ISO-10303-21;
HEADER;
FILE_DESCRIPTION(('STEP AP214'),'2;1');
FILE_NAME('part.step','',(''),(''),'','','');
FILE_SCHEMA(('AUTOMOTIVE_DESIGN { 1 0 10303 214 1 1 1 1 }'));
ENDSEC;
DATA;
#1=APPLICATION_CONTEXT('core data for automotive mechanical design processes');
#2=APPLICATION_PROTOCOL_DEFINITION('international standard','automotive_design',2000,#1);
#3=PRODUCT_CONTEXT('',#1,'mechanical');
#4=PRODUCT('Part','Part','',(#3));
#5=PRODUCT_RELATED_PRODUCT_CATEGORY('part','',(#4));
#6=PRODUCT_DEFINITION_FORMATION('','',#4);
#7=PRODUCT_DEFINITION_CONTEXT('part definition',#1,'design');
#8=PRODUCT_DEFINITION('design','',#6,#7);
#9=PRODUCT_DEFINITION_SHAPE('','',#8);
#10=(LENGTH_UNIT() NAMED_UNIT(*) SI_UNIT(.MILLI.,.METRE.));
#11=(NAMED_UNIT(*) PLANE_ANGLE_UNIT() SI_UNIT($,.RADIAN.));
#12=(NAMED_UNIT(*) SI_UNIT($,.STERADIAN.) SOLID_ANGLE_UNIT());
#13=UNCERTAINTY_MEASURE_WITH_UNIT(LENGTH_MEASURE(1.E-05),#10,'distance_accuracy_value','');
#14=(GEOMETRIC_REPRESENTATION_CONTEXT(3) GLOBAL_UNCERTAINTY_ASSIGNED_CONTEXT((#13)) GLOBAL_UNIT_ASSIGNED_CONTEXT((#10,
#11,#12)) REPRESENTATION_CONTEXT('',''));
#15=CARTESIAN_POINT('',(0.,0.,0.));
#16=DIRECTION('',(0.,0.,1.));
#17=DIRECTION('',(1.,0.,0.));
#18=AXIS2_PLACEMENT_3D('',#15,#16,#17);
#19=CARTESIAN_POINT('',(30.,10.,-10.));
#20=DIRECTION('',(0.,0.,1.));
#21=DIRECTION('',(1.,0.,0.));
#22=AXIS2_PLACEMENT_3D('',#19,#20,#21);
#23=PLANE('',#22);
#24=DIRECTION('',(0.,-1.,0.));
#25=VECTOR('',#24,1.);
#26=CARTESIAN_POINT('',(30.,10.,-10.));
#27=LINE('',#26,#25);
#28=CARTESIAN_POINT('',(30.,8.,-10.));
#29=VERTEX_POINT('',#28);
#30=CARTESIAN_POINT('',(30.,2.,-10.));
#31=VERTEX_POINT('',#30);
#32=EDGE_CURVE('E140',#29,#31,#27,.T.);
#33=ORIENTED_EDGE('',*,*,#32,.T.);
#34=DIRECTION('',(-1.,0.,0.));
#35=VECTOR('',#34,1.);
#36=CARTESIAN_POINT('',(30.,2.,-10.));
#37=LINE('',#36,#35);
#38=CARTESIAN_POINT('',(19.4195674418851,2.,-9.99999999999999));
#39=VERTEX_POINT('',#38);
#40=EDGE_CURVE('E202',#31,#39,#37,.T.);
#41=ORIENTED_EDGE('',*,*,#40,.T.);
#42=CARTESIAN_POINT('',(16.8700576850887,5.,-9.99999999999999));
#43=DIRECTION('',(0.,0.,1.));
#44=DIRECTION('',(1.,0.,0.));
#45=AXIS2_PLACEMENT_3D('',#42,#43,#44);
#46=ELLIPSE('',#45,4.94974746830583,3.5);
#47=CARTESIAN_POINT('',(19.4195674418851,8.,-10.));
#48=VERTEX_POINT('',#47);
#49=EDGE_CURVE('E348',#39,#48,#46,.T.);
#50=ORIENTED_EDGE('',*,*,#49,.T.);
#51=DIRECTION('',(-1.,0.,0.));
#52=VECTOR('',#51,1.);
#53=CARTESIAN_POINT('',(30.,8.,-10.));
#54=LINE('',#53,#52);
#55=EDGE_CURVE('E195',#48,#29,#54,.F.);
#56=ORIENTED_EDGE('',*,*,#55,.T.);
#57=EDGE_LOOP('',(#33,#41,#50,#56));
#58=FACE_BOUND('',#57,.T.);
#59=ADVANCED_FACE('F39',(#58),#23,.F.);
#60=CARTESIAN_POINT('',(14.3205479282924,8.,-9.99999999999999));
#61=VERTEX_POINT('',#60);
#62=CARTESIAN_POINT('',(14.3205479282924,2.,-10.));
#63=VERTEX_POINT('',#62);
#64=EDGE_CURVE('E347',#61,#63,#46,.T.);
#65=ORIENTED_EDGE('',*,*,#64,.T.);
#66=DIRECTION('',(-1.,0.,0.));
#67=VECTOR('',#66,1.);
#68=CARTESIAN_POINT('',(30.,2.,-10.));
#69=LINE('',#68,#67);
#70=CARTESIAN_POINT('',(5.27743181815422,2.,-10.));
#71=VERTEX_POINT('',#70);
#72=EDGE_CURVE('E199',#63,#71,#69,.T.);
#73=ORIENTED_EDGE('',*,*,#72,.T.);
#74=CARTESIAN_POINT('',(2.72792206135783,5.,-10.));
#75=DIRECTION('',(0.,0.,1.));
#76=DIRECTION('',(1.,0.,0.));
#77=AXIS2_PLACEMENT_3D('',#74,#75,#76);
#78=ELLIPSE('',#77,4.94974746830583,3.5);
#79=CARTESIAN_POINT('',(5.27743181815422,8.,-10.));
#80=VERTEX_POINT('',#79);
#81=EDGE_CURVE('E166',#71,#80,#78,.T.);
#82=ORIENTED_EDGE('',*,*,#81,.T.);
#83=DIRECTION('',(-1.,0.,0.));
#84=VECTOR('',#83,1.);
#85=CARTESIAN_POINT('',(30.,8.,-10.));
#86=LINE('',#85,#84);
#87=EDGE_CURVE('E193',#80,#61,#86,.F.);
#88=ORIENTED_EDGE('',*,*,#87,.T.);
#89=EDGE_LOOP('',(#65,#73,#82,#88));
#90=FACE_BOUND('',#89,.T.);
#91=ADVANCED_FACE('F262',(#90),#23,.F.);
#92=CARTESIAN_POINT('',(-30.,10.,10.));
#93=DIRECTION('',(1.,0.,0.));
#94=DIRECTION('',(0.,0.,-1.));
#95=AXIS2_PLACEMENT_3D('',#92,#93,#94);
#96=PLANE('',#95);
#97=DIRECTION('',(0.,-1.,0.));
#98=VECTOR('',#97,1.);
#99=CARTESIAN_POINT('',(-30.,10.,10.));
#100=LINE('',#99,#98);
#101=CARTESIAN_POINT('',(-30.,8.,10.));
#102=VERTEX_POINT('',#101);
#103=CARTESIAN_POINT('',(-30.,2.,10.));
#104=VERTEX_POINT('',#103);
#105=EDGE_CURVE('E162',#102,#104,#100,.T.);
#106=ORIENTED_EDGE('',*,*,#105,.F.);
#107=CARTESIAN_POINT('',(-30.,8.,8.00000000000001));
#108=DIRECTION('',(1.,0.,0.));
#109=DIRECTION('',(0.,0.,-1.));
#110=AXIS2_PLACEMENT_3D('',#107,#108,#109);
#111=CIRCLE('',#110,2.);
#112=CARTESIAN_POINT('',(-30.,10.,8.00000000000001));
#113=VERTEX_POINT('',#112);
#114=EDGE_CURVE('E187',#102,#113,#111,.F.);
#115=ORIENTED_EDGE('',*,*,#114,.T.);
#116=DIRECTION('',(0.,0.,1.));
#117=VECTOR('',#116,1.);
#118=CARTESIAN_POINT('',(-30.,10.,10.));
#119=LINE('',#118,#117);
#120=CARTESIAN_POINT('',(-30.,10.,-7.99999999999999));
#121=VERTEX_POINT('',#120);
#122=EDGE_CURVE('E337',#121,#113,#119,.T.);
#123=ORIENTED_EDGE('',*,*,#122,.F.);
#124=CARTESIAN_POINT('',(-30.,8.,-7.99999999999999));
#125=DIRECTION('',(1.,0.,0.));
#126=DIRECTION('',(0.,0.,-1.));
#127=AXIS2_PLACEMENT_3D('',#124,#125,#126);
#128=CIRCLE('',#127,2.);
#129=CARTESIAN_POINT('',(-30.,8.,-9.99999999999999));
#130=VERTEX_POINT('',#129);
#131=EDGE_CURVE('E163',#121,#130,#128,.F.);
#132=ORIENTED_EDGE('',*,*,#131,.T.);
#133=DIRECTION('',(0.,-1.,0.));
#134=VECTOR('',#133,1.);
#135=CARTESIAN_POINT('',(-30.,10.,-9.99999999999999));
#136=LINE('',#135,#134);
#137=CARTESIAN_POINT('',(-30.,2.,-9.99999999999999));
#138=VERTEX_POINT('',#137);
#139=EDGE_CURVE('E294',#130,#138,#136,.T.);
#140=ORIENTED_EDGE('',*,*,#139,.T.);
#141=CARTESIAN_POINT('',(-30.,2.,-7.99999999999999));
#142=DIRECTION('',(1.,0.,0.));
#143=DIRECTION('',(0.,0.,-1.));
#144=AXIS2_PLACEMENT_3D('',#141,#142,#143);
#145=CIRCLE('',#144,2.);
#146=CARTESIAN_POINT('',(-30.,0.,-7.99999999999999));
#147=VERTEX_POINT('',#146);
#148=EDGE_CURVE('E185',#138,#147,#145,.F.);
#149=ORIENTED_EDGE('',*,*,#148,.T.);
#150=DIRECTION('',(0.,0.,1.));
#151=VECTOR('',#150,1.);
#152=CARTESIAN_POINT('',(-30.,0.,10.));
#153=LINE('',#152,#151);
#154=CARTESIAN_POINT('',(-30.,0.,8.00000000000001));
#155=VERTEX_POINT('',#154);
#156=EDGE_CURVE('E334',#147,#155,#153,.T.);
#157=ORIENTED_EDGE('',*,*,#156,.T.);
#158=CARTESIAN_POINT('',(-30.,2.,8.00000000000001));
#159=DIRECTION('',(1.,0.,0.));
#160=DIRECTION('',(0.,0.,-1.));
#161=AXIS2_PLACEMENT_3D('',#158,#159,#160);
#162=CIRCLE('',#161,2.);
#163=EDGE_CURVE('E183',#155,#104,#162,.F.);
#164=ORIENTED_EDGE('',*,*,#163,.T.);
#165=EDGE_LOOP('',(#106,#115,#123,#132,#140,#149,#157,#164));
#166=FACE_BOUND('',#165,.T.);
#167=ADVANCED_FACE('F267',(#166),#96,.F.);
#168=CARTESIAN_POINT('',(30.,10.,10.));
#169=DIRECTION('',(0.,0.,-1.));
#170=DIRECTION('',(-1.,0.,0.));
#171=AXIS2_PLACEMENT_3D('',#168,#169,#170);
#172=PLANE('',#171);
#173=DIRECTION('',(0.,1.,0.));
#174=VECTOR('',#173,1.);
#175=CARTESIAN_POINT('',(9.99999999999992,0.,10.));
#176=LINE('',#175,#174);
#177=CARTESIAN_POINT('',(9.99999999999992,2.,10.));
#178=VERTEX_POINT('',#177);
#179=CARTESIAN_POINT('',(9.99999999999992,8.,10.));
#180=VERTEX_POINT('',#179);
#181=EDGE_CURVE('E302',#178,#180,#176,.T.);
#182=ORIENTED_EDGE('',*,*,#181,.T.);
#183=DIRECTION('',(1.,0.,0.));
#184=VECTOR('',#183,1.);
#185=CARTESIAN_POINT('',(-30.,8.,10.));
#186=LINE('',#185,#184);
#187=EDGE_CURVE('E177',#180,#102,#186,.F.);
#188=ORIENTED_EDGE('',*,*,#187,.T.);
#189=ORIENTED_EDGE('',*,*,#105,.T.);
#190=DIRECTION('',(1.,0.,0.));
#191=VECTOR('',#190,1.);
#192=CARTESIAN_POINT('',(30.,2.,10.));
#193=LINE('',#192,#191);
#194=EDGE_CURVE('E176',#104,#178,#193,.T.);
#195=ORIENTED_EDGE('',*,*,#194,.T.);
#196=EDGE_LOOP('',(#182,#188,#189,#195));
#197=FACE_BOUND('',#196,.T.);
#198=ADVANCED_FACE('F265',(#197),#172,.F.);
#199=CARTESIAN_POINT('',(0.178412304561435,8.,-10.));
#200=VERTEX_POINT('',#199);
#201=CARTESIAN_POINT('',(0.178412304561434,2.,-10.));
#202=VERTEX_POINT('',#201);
*****
Reproduce the material above exactly, beginning at its first line and ending with the line that holds "#1=APPLICATION_CONTEXT('core data for". Include nothing else.

ISO-10303-21;
HEADER;
FILE_DESCRIPTION(('STEP AP214'),'2;1');
FILE_NAME('part.step','',(''),(''),'','','');
FILE_SCHEMA(('AUTOMOTIVE_DESIGN { 1 0 10303 214 1 1 1 1 }'));
ENDSEC;
DATA;
#1=APPLICATION_CONTEXT('core data for automotive mechanical design processes');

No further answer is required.